▶ [Your instructions]: Nothing but the pictures gets dropped; retype every entry exactly.

▶ [Data to process]:

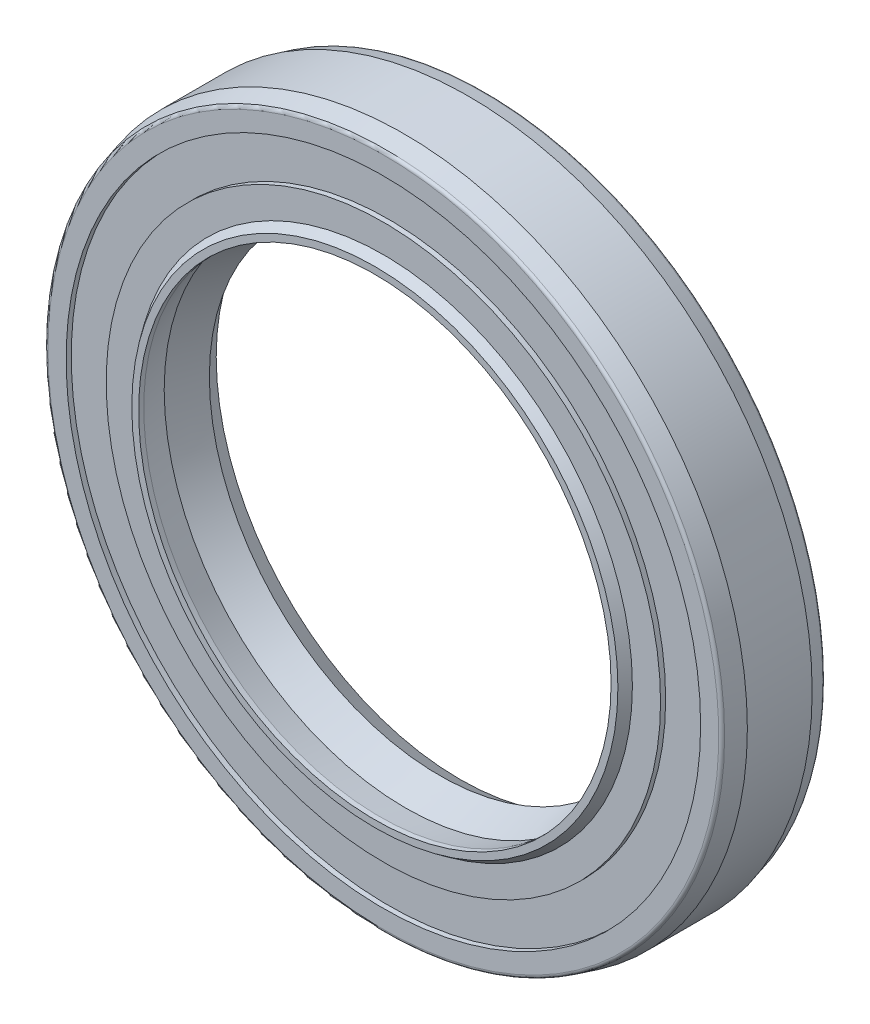
SolidWorks part; units mm, degrees
material "NBR"
ref_plane "Front Plane" through (0, 0, 0) normal (0, 0, 1) x (1, 0, 0)
ref_plane "Top Plane" through (0, 0, 0) normal (0, 1, 0) x (1, 0, 0)
ref_plane "Right Plane" through (0, 0, 0) normal (1, 0, 0) x (0, 0, -1)
sketch "Sketch1" plane through (0, 0, 0) normal (1, 0, 0) x (0, 0, -1)
  line L0 (0, 14.6) -> (0, 16.25)
  line L1 (1.2, 20.14) -> (5, 20.14)
  line L2 (6, 19.8721) -> (6, 18.25)
  line L3 (0, 19.8185) -> (1.2, 20.14)
  line L4 (6, 18.25) -> (5.5, 18.25)
  line L5 (4.5, 14.3) -> (4.5, 15.3)
  line L6 (2.3, 15.2) -> (2, 15.2)
  line L7 (0, 18.6) -> (0, 19.8185)
  line L8 (0, 0) -> (11.0087, 0) construction
  line L9 (-0.5, 13.85) -> (-0.2, 13.85)
  line L10 (5.5, 18.25) -> (5.5, 17.75)
  line L11 (5, 20.14) -> (6, 19.8721)
  line L12 (4.5, 15.3) -> (4.295, 15.3)
  line L13 (2.4, 17.75) -> (5.5, 17.75)
  line L14 (2, 15.2) -> (2, 17.35)
  line L15 (0, 18.6) -> (0.3, 18.6)
  line L16 (0.3, 18.6) -> (0.3, 16.25)
  line L17 (0.3, 16.25) -> (0, 16.25)
  line L18 (0, 14.6) -> (-0.5, 14.25)
  line L19 (-0.5, 14.25) -> (-0.5, 13.85)
  line L21 (1.3, 14.15) -> (3.2977, 13.5)
  line L22 (4.5, 14.3) -> (3.2977, 13.5)
  line L23 (-0.2, 13.85) -> (1.3, 14.15)
  arc A0 (4.295, 15.3) -> (2.3, 15.2) centre (3.3, 15.2) ccw
  arc A1 (2, 17.35) -> (2.4, 17.75) centre (2.4, 17.35) cw
  dimension "D17" = 0.4
  dimension "D18" = 37.2
  dimension "D5" = 1
  dimension "D10" = 27
  dimension "D14" = 32.4
  dimension "D15" = 1.2
  dimension "D1" = 6
  dimension "D2" = 40.28
  dimension "D3" = 1.5
  dimension "D4" = 1.2
  dimension "D6" = 36.5
  dimension "D7" = 35.5
  dimension "D8" = 30.6
  dimension "D9" = 15
  dimension "D11" = 15
  dimension "D12" = 0.5
  dimension "D13" = 1
  dimension "D16" = 4
  dimension "D19" = 32.5
  dimension "D20" = 29.2
  dimension "D21" = 3.2
  dimension "D22" = 28.6
  dimension "D23" = 1.2023
  dimension "D24" = 6.5
  dimension "D25" = 0.3
  dimension "D26" = 28.5
  dimension "D27" = 27.7
  dimension "D28" = 28.3
  dimension "D29" = 0.3
revolve "Revolve1" add sketch "Sketch1" angle 360 about L8
sketch "Sketch3" plane through (0, 0, -6) normal (0, 0, -1) x (-1, 0, 0)
  line L0 (0, 0) -> (-25.6118, 0) construction
  line L1 (-18.2071, -1.25) -> (-16.3, -1.25)
  line L3 (-18.2071, 1.25) -> (-16.3, 1.25)
  line L4 (-16.3, 1.25) -> (-16.3, -1.25)
  circle A0 centre (0, 0) radius 18.25 construction
  arc A1 (-18.2071, 1.25) -> (-18.2071, -1.25) centre (0, 0) ccw
  dimension "D1" = 16.3
  dimension "D2" = 2.5
extrude "Cut-Extrude1" cut sketch "Sketch3" against normal offset from surface (4.2 mm away) 0.2 up to face at (17.35, 0, -2) offset beyond the face yes
pattern_circular "CirPattern1" count 8 over 360 about axis through (0, 0, 0) along (0, 0, 1) of "Cut-Extrude1"
fillet "Fillet1" radius 0.2 2 edges at (19.8721, 0, -6) (19.8185, 0, 0)

▶ [Answer]:
SolidWorks part; units mm, degrees
material "NBR"
ref_plane "Front Plane" through (0, 0, 0) normal (0, 0, 1) x (1, 0, 0)
ref_plane "Top Plane" through (0, 0, 0) normal (0, 1, 0) x (1, 0, 0)
ref_plane "Right Plane" through (0, 0, 0) normal (1, 0, 0) x (0, 0, -1)
sketch "Sketch1" plane through (0, 0, 0) normal (1, 0, 0) x (0, 0, -1)
  line L0 (0, 14.6) -> (0, 16.25)
  line L1 (1.2, 20.14) -> (5, 20.14)
  line L2 (6, 19.8721) -> (6, 18.25)
  line L3 (0, 19.8185) -> (1.2, 20.14)
  line L4 (6, 18.25) -> (5.5, 18.25)
  line L5 (4.5, 14.3) -> (4.5, 15.3)
  line L6 (2.3, 15.2) -> (2, 15.2)
  line L7 (0, 18.6) -> (0, 19.8185)
  line L8 (0, 0) -> (11.0087, 0) construction
  line L9 (-0.5, 13.85) -> (-0.2, 13.85)
  line L10 (5.5, 18.25) -> (5.5, 17.75)
  line L11 (5, 20.14) -> (6, 19.8721)
  line L12 (4.5, 15.3) -> (4.295, 15.3)
  line L13 (2.4, 17.75) -> (5.5, 17.75)
  line L14 (2, 15.2) -> (2, 17.35)
  line L15 (0, 18.6) -> (0.3, 18.6)
  line L16 (0.3, 18.6) -> (0.3, 16.25)
  line L17 (0.3, 16.25) -> (0, 16.25)
  line L18 (0, 14.6) -> (-0.5, 14.25)
  line L19 (-0.5, 14.25) -> (-0.5, 13.85)
  line L21 (1.3, 14.15) -> (3.2977, 13.5)
  line L22 (4.5, 14.3) -> (3.2977, 13.5)
  line L23 (-0.2, 13.85) -> (1.3, 14.15)
  arc A0 (4.295, 15.3) -> (2.3, 15.2) centre (3.3, 15.2) ccw
  arc A1 (2, 17.35) -> (2.4, 17.75) centre (2.4, 17.35) cw
  dimension "D17" = 0.4
  dimension "D18" = 37.2
  dimension "D5" = 1
  dimension "D10" = 27
  dimension "D14" = 32.4
  dimension "D15" = 1.2
  dimension "D1" = 6
  dimension "D2" = 40.28
  dimension "D3" = 1.5
  dimension "D4" = 1.2
  dimension "D6" = 36.5
  dimension "D7" = 35.5
  dimension "D8" = 30.6
  dimension "D9" = 15
  dimension "D11" = 15
  dimension "D12" = 0.5
  dimension "D13" = 1
  dimension "D16" = 4
  dimension "D19" = 32.5
  dimension "D20" = 29.2
  dimension "D21" = 3.2
  dimension "D22" = 28.6
  dimension "D23" = 1.2023
  dimension "D24" = 6.5
  dimension "D25" = 0.3
  dimension "D26" = 28.5
  dimension "D27" = 27.7
  dimension "D28" = 28.3
  dimension "D29" = 0.3
revolve "Revolve1" add sketch "Sketch1" angle 360 about L8
sketch "Sketch3" plane through (0, 0, -6) normal (0, 0, -1) x (-1, 0, 0)
  line L0 (0, 0) -> (-25.6118, 0) construction
  line L1 (-18.2071, -1.25) -> (-16.3, -1.25)
  line L3 (-18.2071, 1.25) -> (-16.3, 1.25)
  line L4 (-16.3, 1.25) -> (-16.3, -1.25)
  circle A0 centre (0, 0) radius 18.25 construction
  arc A1 (-18.2071, 1.25) -> (-18.2071, -1.25) centre (0, 0) ccw
  dimension "D1" = 16.3
  dimension "D2" = 2.5
extrude "Cut-Extrude1" cut sketch "Sketch3" against normal offset from surface (4.2 mm away) 0.2 up to face at (17.35, 0, -2) offset beyond the face yes
pattern_circular "CirPattern1" count 8 over 360 about axis through (0, 0, 0) along (0, 0, 1) of "Cut-Extrude1"
fillet "Fillet1" radius 0.2 2 edges at (19.8721, 0, -6) (19.8185, 0, 0)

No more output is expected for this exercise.